** ACTIVITY **
Please set down exactly the lines of the listing below from the line containing "#145=VECTOR('',#144,1.);" through the line containing "#160=ORIENTED_EDGE('',*,*,#159,.T.);", both lines included, leaving out all other lines.

** WORKING DATA **
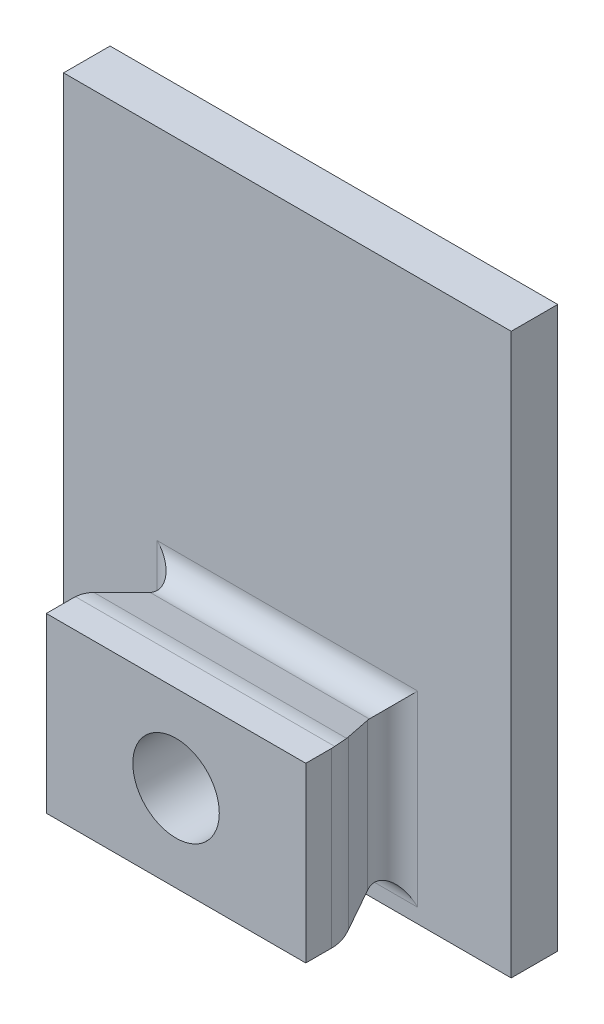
ISO-10303-21;
HEADER;
FILE_DESCRIPTION(('STEP AP214'),'2;1');
FILE_NAME('part.step','',(''),(''),'','','');
FILE_SCHEMA(('AUTOMOTIVE_DESIGN { 1 0 10303 214 1 1 1 1 }'));
ENDSEC;
DATA;
#1=APPLICATION_CONTEXT('core data for automotive mechanical design processes');
#2=APPLICATION_PROTOCOL_DEFINITION('international standard','automotive_design',2000,#1);
#3=PRODUCT_CONTEXT('',#1,'mechanical');
#4=PRODUCT('Part','Part','',(#3));
#5=PRODUCT_RELATED_PRODUCT_CATEGORY('part','',(#4));
#6=PRODUCT_DEFINITION_FORMATION('','',#4);
#7=PRODUCT_DEFINITION_CONTEXT('part definition',#1,'design');
#8=PRODUCT_DEFINITION('design','',#6,#7);
#9=PRODUCT_DEFINITION_SHAPE('','',#8);
#10=(LENGTH_UNIT() NAMED_UNIT(*) SI_UNIT(.MILLI.,.METRE.));
#11=(NAMED_UNIT(*) PLANE_ANGLE_UNIT() SI_UNIT($,.RADIAN.));
#12=(NAMED_UNIT(*) SI_UNIT($,.STERADIAN.) SOLID_ANGLE_UNIT());
#13=UNCERTAINTY_MEASURE_WITH_UNIT(LENGTH_MEASURE(1.E-05),#10,'distance_accuracy_value','');
#14=(GEOMETRIC_REPRESENTATION_CONTEXT(3) GLOBAL_UNCERTAINTY_ASSIGNED_CONTEXT((#13)) GLOBAL_UNIT_ASSIGNED_CONTEXT((#10,
#11,#12)) REPRESENTATION_CONTEXT('',''));
#15=CARTESIAN_POINT('',(0.,0.,0.));
#16=DIRECTION('',(0.,0.,1.));
#17=DIRECTION('',(1.,0.,0.));
#18=AXIS2_PLACEMENT_3D('',#15,#16,#17);
#19=CARTESIAN_POINT('',(-60.,40.,17.));
#20=DIRECTION('',(1.,0.,0.));
#21=DIRECTION('',(0.,1.,0.));
#22=AXIS2_PLACEMENT_3D('',#19,#20,#21);
#23=PLANE('',#22);
#24=DIRECTION('',(0.,0.,-1.));
#25=VECTOR('',#24,1.);
#26=CARTESIAN_POINT('',(-60.,40.,17.));
#27=LINE('',#26,#25);
#28=CARTESIAN_POINT('',(-60.,40.,17.));
#29=VERTEX_POINT('',#28);
#30=CARTESIAN_POINT('',(-60.,40.,5.19968101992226));
#31=VERTEX_POINT('',#30);
#32=EDGE_CURVE('E372',#29,#31,#27,.T.);
#33=ORIENTED_EDGE('',*,*,#32,.T.);
#34=DIRECTION('',(0.,-1.,0.));
#35=VECTOR('',#34,1.);
#36=CARTESIAN_POINT('',(-60.,-40.,5.19968101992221));
#37=LINE('',#36,#35);
#38=CARTESIAN_POINT('',(-60.,-40.,5.19968101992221));
#39=VERTEX_POINT('',#38);
#40=EDGE_CURVE('E359',#31,#39,#37,.T.);
#41=ORIENTED_EDGE('',*,*,#40,.T.);
#42=DIRECTION('',(0.,0.,-1.));
#43=VECTOR('',#42,1.);
#44=CARTESIAN_POINT('',(-60.,-40.,17.));
#45=LINE('',#44,#43);
#46=CARTESIAN_POINT('',(-60.,-40.,17.));
#47=VERTEX_POINT('',#46);
#48=EDGE_CURVE('E376',#47,#39,#45,.T.);
#49=ORIENTED_EDGE('',*,*,#48,.F.);
#50=DIRECTION('',(0.,-1.,0.));
#51=VECTOR('',#50,1.);
#52=CARTESIAN_POINT('',(-60.,40.,17.));
#53=LINE('',#52,#51);
#54=EDGE_CURVE('E235',#29,#47,#53,.T.);
#55=ORIENTED_EDGE('',*,*,#54,.F.);
#56=EDGE_LOOP('',(#33,#41,#49,#55));
#57=FACE_BOUND('',#56,.T.);
#58=ADVANCED_FACE('F43',(#57),#23,.F.);
#59=CARTESIAN_POINT('',(-60.,-40.,17.));
#60=DIRECTION('',(0.,1.,0.));
#61=DIRECTION('',(0.,0.,1.));
#62=AXIS2_PLACEMENT_3D('',#59,#60,#61);
#63=PLANE('',#62);
#64=ORIENTED_EDGE('',*,*,#48,.T.);
#65=CARTESIAN_POINT('',(-35.,-40.,5.19968101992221));
#66=DIRECTION('',(0.,1.,0.));
#67=DIRECTION('',(0.,0.,1.));
#68=AXIS2_PLACEMENT_3D('',#65,#66,#67);
#69=CIRCLE('',#68,25.);
#70=CARTESIAN_POINT('',(-59.9455199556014,-40.,3.55012527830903));
#71=VERTEX_POINT('',#70);
#72=EDGE_CURVE('E389',#39,#71,#69,.F.);
#73=ORIENTED_EDGE('',*,*,#72,.T.);
#74=DIRECTION('',(1.,0.,0.));
#75=VECTOR('',#74,1.);
#76=CARTESIAN_POINT('',(60.,-40.,3.55012527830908));
#77=LINE('',#76,#75);
#78=CARTESIAN_POINT('',(59.9455199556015,-40.,3.55012527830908));
#79=VERTEX_POINT('',#78);
#80=EDGE_CURVE('E386',#71,#79,#77,.T.);
#81=ORIENTED_EDGE('',*,*,#80,.T.);
#82=CARTESIAN_POINT('',(35.,-40.,5.19968101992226));
#83=DIRECTION('',(0.,1.,0.));
#84=DIRECTION('',(0.,0.,1.));
#85=AXIS2_PLACEMENT_3D('',#82,#83,#84);
#86=CIRCLE('',#85,25.);
#87=CARTESIAN_POINT('',(60.,-40.,5.19968101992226));
#88=VERTEX_POINT('',#87);
#89=EDGE_CURVE('E380',#79,#88,#86,.F.);
#90=ORIENTED_EDGE('',*,*,#89,.T.);
#91=DIRECTION('',(0.,0.,-1.));
#92=VECTOR('',#91,1.);
#93=CARTESIAN_POINT('',(60.,-40.,17.));
#94=LINE('',#93,#92);
#95=CARTESIAN_POINT('',(60.,-40.,17.));
#96=VERTEX_POINT('',#95);
#97=EDGE_CURVE('E373',#96,#88,#94,.T.);
#98=ORIENTED_EDGE('',*,*,#97,.F.);
#99=DIRECTION('',(1.,0.,0.));
#100=VECTOR('',#99,1.);
#101=CARTESIAN_POINT('',(-60.,-40.,17.));
#102=LINE('',#101,#100);
#103=EDGE_CURVE('E366',#47,#96,#102,.T.);
#104=ORIENTED_EDGE('',*,*,#103,.F.);
#105=EDGE_LOOP('',(#64,#73,#81,#90,#98,#104));
#106=FACE_BOUND('',#105,.T.);
#107=ADVANCED_FACE('F407',(#106),#63,.F.);
#108=CARTESIAN_POINT('',(60.,40.,17.));
#109=DIRECTION('',(-1.,0.,0.));
#110=DIRECTION('',(0.,-1.,0.));
#111=AXIS2_PLACEMENT_3D('',#108,#109,#110);
#112=PLANE('',#111);
#113=ORIENTED_EDGE('',*,*,#97,.T.);
#114=DIRECTION('',(0.,1.,0.));
#115=VECTOR('',#114,1.);
#116=CARTESIAN_POINT('',(60.,40.,5.19968101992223));
#117=LINE('',#116,#115);
#118=CARTESIAN_POINT('',(60.,40.,5.19968101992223));
#119=VERTEX_POINT('',#118);
#120=EDGE_CURVE('E251',#88,#119,#117,.T.);
#121=ORIENTED_EDGE('',*,*,#120,.T.);
#122=DIRECTION('',(0.,0.,-1.));
#123=VECTOR('',#122,1.);
#124=CARTESIAN_POINT('',(60.,40.,17.));
#125=LINE('',#124,#123);
#126=CARTESIAN_POINT('',(60.,40.,17.));
#127=VERTEX_POINT('',#126);
#128=EDGE_CURVE('E377',#127,#119,#125,.T.);
#129=ORIENTED_EDGE('',*,*,#128,.F.);
#130=DIRECTION('',(0.,1.,0.));
#131=VECTOR('',#130,1.);
#132=CARTESIAN_POINT('',(60.,40.,17.));
#133=LINE('',#132,#131);
#134=EDGE_CURVE('E368',#96,#127,#133,.T.);
#135=ORIENTED_EDGE('',*,*,#134,.F.);
#136=EDGE_LOOP('',(#113,#121,#129,#135));
#137=FACE_BOUND('',#136,.T.);
#138=ADVANCED_FACE('F418',(#137),#112,.F.);
#139=CARTESIAN_POINT('',(-60.,40.,17.));
#140=DIRECTION('',(0.,-1.,0.));
#141=DIRECTION('',(0.,0.,-1.));
#142=AXIS2_PLACEMENT_3D('',#139,#140,#141);
#143=PLANE('',#142);
#144=DIRECTION('',(-1.,0.,0.));
#145=VECTOR('',#144,1.);
#146=CARTESIAN_POINT('',(-60.,40.,3.55012527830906));
#147=LINE('',#146,#145);
#148=CARTESIAN_POINT('',(59.9455199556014,40.,3.55012527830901));
#149=VERTEX_POINT('',#148);
#150=CARTESIAN_POINT('',(-59.9455199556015,40.,3.55012527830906));
#151=VERTEX_POINT('',#150);
#152=EDGE_CURVE('E247',#149,#151,#147,.T.);
#153=ORIENTED_EDGE('',*,*,#152,.T.);
#154=CARTESIAN_POINT('',(-35.,40.,5.19968101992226));
#155=DIRECTION('',(0.,-1.,0.));
#156=DIRECTION('',(0.,0.,-1.));
#157=AXIS2_PLACEMENT_3D('',#154,#155,#156);
#158=CIRCLE('',#157,25.);
#159=EDGE_CURVE('E249',#151,#31,#158,.F.);
#160=ORIENTED_EDGE('',*,*,#159,.T.);
#161=ORIENTED_EDGE('',*,*,#32,.F.);
#162=DIRECTION('',(-1.,0.,0.));
#163=VECTOR('',#162,1.);
#164=CARTESIAN_POINT('',(-60.,40.,17.));
#165=LINE('',#164,#163);
#166=EDGE_CURVE('E370',#127,#29,#165,.T.);
#167=ORIENTED_EDGE('',*,*,#166,.F.);
#168=ORIENTED_EDGE('',*,*,#128,.T.);
#169=CARTESIAN_POINT('',(35.,40.,5.19968101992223));
#170=DIRECTION('',(0.,-1.,0.));
#171=DIRECTION('',(0.,0.,-1.));
#172=AXIS2_PLACEMENT_3D('',#169,#170,#171);
#173=CIRCLE('',#172,25.);
#174=EDGE_CURVE('E245',#119,#149,#173,.F.);
#175=ORIENTED_EDGE('',*,*,#174,.T.);
#176=EDGE_LOOP('',(#153,#160,#161,#167,#168,#175));
#177=FACE_BOUND('',#176,.T.);
#178=ADVANCED_FACE('F426',(#177),#143,.F.);
#179=CARTESIAN_POINT('',(0.,0.,17.));
#180=DIRECTION('',(0.,0.,1.));
#181=DIRECTION('',(1.,0.,0.));
#182=AXIS2_PLACEMENT_3D('',#179,#180,#181);
#183=PLANE('',#182);
#184=CARTESIAN_POINT('',(0.,0.,17.));
#185=DIRECTION('',(0.,0.,1.));
#186=DIRECTION('',(1.,0.,0.));
#187=AXIS2_PLACEMENT_3D('',#184,#185,#186);
#188=CIRCLE('',#187,20.);
#189=CARTESIAN_POINT('',(20.,0.,17.));
#190=VERTEX_POINT('',#189);
#191=EDGE_CURVE('E210',#190,#190,#188,.T.);
#192=ORIENTED_EDGE('',*,*,#191,.F.);
#193=EDGE_LOOP('',(#192));
#194=FACE_BOUND('',#193,.T.);
#195=ORIENTED_EDGE('',*,*,#54,.T.);
#196=ORIENTED_EDGE('',*,*,#103,.T.);
#197=ORIENTED_EDGE('',*,*,#134,.T.);
#198=ORIENTED_EDGE('',*,*,#166,.T.);
#199=EDGE_LOOP('',(#195,#196,#197,#198));
#200=FACE_BOUND('',#199,.T.);
#201=ADVANCED_FACE('F432',(#194,#200),#183,.T.);
#202=CARTESIAN_POINT('',(50.4610492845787,0.,-21.939586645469));
#203=DIRECTION('',(0.917070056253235,0.,-0.39872611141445));
#204=DIRECTION('',(-0.39872611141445,0.,-0.917070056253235));
#205=AXIS2_PLACEMENT_3D('',#202,#203,#204);
#206=PLANE('',#205);
#207=DIRECTION('',(-0.385344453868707,0.256896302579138,-0.886292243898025));
#208=VECTOR('',#207,1.);
#209=CARTESIAN_POINT('',(60.,-40.,0.));
#210=LINE('',#209,#208);
#211=CARTESIAN_POINT('',(57.9267514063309,-38.6178342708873,-4.76847176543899));
#212=VERTEX_POINT('',#211);
#213=CARTESIAN_POINT('',(51.081417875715,-34.05427858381,-20.5127388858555));
#214=VERTEX_POINT('',#213);
#215=EDGE_CURVE('E236',#212,#214,#210,.T.);
#216=ORIENTED_EDGE('',*,*,#215,.T.);
#217=DIRECTION('',(0.,1.,0.));
#218=VECTOR('',#217,1.);
#219=CARTESIAN_POINT('',(51.081417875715,30.,-20.5127388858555));
#220=LINE('',#219,#218);
#221=CARTESIAN_POINT('',(51.081417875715,34.05427858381,-20.5127388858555));
#222=VERTEX_POINT('',#221);
#223=EDGE_CURVE('E310',#214,#222,#220,.T.);
#224=ORIENTED_EDGE('',*,*,#223,.T.);
#225=DIRECTION('',(-0.385344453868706,-0.256896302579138,-0.886292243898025));
#226=VECTOR('',#225,1.);
#227=CARTESIAN_POINT('',(60.,40.,0.));
#228=LINE('',#227,#226);
#229=CARTESIAN_POINT('',(57.9267514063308,38.6178342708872,-4.76847176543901));
#230=VERTEX_POINT('',#229);
#231=EDGE_CURVE('E231',#230,#222,#228,.T.);
#232=ORIENTED_EDGE('',*,*,#231,.F.);
#233=DIRECTION('',(0.,1.,0.));
#234=VECTOR('',#233,1.);
#235=CARTESIAN_POINT('',(57.9267514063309,-40.,-4.76847176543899));
#236=LINE('',#235,#234);
#237=EDGE_CURVE('E253',#230,#212,#236,.F.);
#238=ORIENTED_EDGE('',*,*,#237,.T.);
#239=EDGE_LOOP('',(#216,#224,#232,#238));
#240=FACE_BOUND('',#239,.T.);
#241=ADVANCED_FACE('F434',(#240),#206,.T.);
#242=CARTESIAN_POINT('',(0.,36.8998256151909,-10.6956016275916));
#243=DIRECTION('',(0.,0.960466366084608,-0.278396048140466));
#244=DIRECTION('',(0.,0.278396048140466,0.960466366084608));
#245=AXIS2_PLACEMENT_3D('',#242,#243,#244);
#246=PLANE('',#245);
#247=ORIENTED_EDGE('',*,*,#231,.T.);
#248=CARTESIAN_POINT('',(60.2521184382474,32.8985507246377,-24.5));
#249=DIRECTION('',(0.,0.960466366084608,-0.278396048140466));
#250=DIRECTION('',(0.,-0.278396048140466,-0.960466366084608));
#251=AXIS2_PLACEMENT_3D('',#248,#249,#250);
#252=ELLIPSE('',#251,10.4116087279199,10.);
#253=CARTESIAN_POINT('',(50.6474547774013,33.7054957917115,-21.7160395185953));
#254=VERTEX_POINT('',#253);
#255=EDGE_CURVE('E52',#222,#254,#252,.F.);
#256=ORIENTED_EDGE('',*,*,#255,.T.);
#257=DIRECTION('',(-1.,0.,0.));
#258=VECTOR('',#257,1.);
#259=CARTESIAN_POINT('',(-45.,33.7054957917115,-21.7160395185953));
#260=LINE('',#259,#258);
#261=CARTESIAN_POINT('',(-50.6474547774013,33.7054957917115,-21.7160395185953));
#262=VERTEX_POINT('',#261);
#263=EDGE_CURVE('E255',#254,#262,#260,.T.);
#264=ORIENTED_EDGE('',*,*,#263,.T.);
#265=CARTESIAN_POINT('',(-60.2521184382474,32.8985507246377,-24.5));
#266=DIRECTION('',(0.,0.960466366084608,-0.278396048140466));
#267=DIRECTION('',(0.,0.278396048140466,0.960466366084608));
#268=AXIS2_PLACEMENT_3D('',#265,#266,#267);
#269=ELLIPSE('',#268,10.4116087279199,10.);
#270=CARTESIAN_POINT('',(-51.081417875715,34.05427858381,-20.5127388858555));
#271=VERTEX_POINT('',#270);
#272=EDGE_CURVE('E314',#262,#271,#269,.F.);
#273=ORIENTED_EDGE('',*,*,#272,.T.);
#274=DIRECTION('',(0.385344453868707,-0.256896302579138,-0.886292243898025));
#275=VECTOR('',#274,1.);
#276=CARTESIAN_POINT('',(-60.,40.,0.));
#277=LINE('',#276,#275);
#278=CARTESIAN_POINT('',(-57.9267514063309,38.6178342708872,-4.76847176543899));
#279=VERTEX_POINT('',#278);
#280=EDGE_CURVE('E222',#279,#271,#277,.T.);
#281=ORIENTED_EDGE('',*,*,#280,.F.);
#282=CARTESIAN_POINT('',(-35.,41.507153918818,5.19968101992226));
#283=DIRECTION('',(0.,0.960466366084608,-0.278396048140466));
#284=DIRECTION('',(0.,0.278396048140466,0.960466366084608));
#285=AXIS2_PLACEMENT_3D('',#282,#283,#284);
#286=ELLIPSE('',#285,26.0290218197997,25.);
#287=CARTESIAN_POINT('',(-58.4707744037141,39.0116591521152,-3.40977592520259));
#288=VERTEX_POINT('',#287);
#289=EDGE_CURVE('E243',#279,#288,#286,.T.);
#290=ORIENTED_EDGE('',*,*,#289,.T.);
#291=DIRECTION('',(-1.,0.,0.));
#292=VECTOR('',#291,1.);
#293=CARTESIAN_POINT('',(60.,39.0116591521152,-3.40977592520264));
#294=LINE('',#293,#292);
#295=CARTESIAN_POINT('',(58.4707744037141,39.0116591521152,-3.40977592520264));
#296=VERTEX_POINT('',#295);
#297=EDGE_CURVE('E241',#288,#296,#294,.F.);
#298=ORIENTED_EDGE('',*,*,#297,.T.);
#299=CARTESIAN_POINT('',(35.,41.507153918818,5.19968101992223));
#300=DIRECTION('',(0.,0.960466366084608,-0.278396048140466));
#301=DIRECTION('',(0.,-0.278396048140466,-0.960466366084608));
#302=AXIS2_PLACEMENT_3D('',#299,#300,#301);
#303=ELLIPSE('',#302,26.0290218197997,25.);
#304=EDGE_CURVE('E239',#296,#230,#303,.T.);
#305=ORIENTED_EDGE('',*,*,#304,.T.);
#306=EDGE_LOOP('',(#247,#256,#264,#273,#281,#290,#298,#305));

** SOLUTION TO THIS PROBLEM **
#145=VECTOR('',#144,1.);
#146=CARTESIAN_POINT('',(-60.,40.,3.55012527830906));
#147=LINE('',#146,#145);
#148=CARTESIAN_POINT('',(59.9455199556014,40.,3.55012527830901));
#149=VERTEX_POINT('',#148);
#150=CARTESIAN_POINT('',(-59.9455199556015,40.,3.55012527830906));
#151=VERTEX_POINT('',#150);
#152=EDGE_CURVE('E247',#149,#151,#147,.T.);
#153=ORIENTED_EDGE('',*,*,#152,.T.);
#154=CARTESIAN_POINT('',(-35.,40.,5.19968101992226));
#155=DIRECTION('',(0.,-1.,0.));
#156=DIRECTION('',(0.,0.,-1.));
#157=AXIS2_PLACEMENT_3D('',#154,#155,#156);
#158=CIRCLE('',#157,25.);
#159=EDGE_CURVE('E249',#151,#31,#158,.F.);
#160=ORIENTED_EDGE('',*,*,#159,.T.);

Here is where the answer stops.